Material for the task START

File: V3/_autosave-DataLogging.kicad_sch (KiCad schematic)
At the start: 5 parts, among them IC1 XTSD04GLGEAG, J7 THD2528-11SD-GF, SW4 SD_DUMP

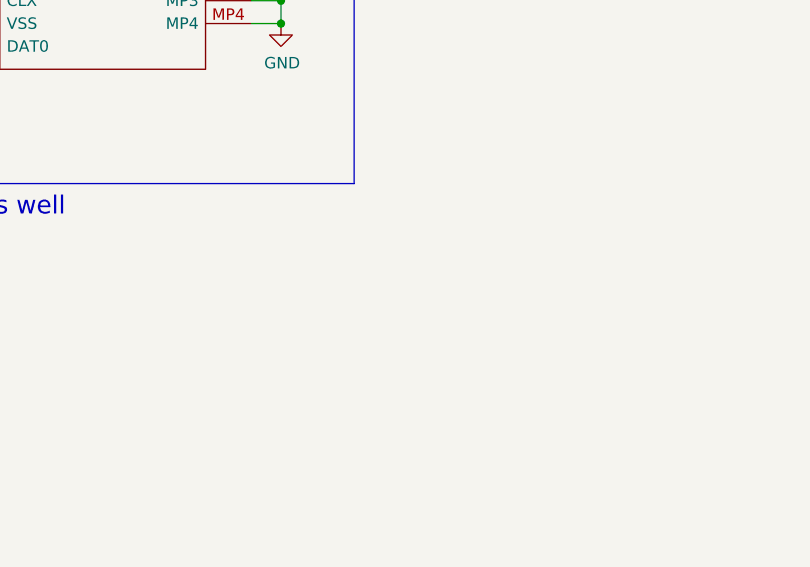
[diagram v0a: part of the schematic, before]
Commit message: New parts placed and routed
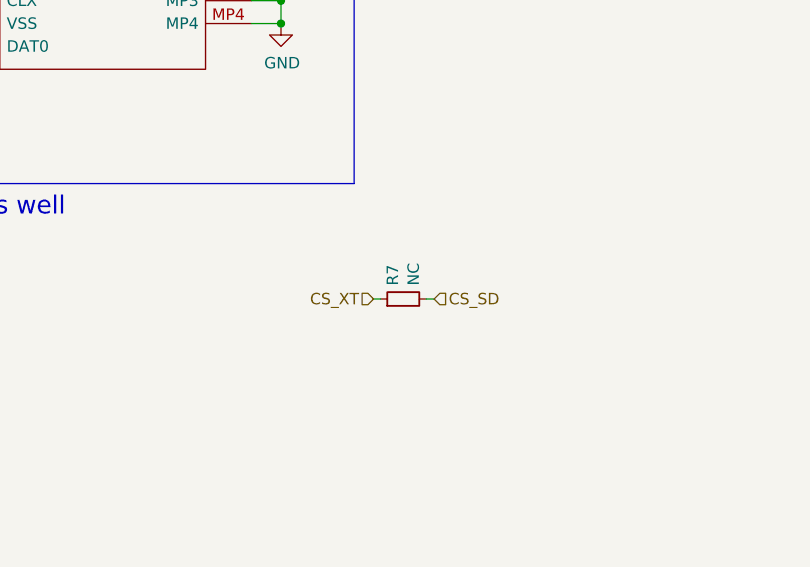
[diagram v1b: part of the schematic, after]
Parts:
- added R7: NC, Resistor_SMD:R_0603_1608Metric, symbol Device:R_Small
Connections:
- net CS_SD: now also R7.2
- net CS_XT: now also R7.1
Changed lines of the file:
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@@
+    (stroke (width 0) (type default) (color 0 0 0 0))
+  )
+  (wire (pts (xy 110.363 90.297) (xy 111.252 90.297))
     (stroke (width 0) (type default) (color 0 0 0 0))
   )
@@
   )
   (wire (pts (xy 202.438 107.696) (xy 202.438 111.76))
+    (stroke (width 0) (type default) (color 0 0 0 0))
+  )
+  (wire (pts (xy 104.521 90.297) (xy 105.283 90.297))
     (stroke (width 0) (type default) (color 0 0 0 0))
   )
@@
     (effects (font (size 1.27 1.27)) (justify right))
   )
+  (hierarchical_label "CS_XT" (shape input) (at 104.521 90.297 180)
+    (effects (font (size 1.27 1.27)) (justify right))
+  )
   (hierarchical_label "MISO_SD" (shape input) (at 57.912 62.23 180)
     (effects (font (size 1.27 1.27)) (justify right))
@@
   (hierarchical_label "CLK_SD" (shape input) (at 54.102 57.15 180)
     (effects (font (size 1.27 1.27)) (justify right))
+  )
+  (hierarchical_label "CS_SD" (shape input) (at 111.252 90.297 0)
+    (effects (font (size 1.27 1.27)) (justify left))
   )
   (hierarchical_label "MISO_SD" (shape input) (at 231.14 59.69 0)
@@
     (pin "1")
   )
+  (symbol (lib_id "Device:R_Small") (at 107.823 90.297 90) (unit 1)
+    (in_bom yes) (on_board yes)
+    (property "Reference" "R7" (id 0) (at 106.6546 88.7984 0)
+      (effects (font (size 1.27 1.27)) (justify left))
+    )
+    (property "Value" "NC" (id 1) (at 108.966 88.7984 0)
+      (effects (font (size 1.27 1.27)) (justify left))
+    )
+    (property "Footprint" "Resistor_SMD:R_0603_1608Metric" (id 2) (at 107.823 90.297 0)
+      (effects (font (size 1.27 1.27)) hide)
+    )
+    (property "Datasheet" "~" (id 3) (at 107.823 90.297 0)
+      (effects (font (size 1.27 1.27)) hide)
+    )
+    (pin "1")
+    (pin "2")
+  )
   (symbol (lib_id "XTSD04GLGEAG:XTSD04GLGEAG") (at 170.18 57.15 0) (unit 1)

Material for the task END

▸ **Task brief**
Your answer must be the exact lines of the records from the first one through the line containing "54.102 57.15 180)", with no pictures in it.

▸ **Answer to this task**
File: V3/_autosave-DataLogging.kicad_sch (KiCad schematic)
At the start: 5 parts, among them IC1 XTSD04GLGEAG, J7 THD2528-11SD-GF, SW4 SD_DUMP

[diagram v0a: part of the schematic, before]
Commit message: New parts placed and routed
[diagram v1b: part of the schematic, after]
Parts:
- added R7: NC, Resistor_SMD:R_0603_1608Metric, symbol Device:R_Small
Connections:
- net CS_SD: now also R7.2
- net CS_XT: now also R7.1
Changed lines of the file:
@@
+    (stroke (width 0) (type default) (color 0 0 0 0))
+  )
+  (wire (pts (xy 110.363 90.297) (xy 111.252 90.297))
     (stroke (width 0) (type default) (color 0 0 0 0))
   )
@@
   )
   (wire (pts (xy 202.438 107.696) (xy 202.438 111.76))
+    (stroke (width 0) (type default) (color 0 0 0 0))
+  )
+  (wire (pts (xy 104.521 90.297) (xy 105.283 90.297))
     (stroke (width 0) (type default) (color 0 0 0 0))
   )
@@
     (effects (font (size 1.27 1.27)) (justify right))
   )
+  (hierarchical_label "CS_XT" (shape input) (at 104.521 90.297 180)
+    (effects (font (size 1.27 1.27)) (justify right))
+  )
   (hierarchical_label "MISO_SD" (shape input) (at 57.912 62.23 180)
     (effects (font (size 1.27 1.27)) (justify right))
@@
   (hierarchical_label "CLK_SD" (shape input) (at 54.102 57.15 180)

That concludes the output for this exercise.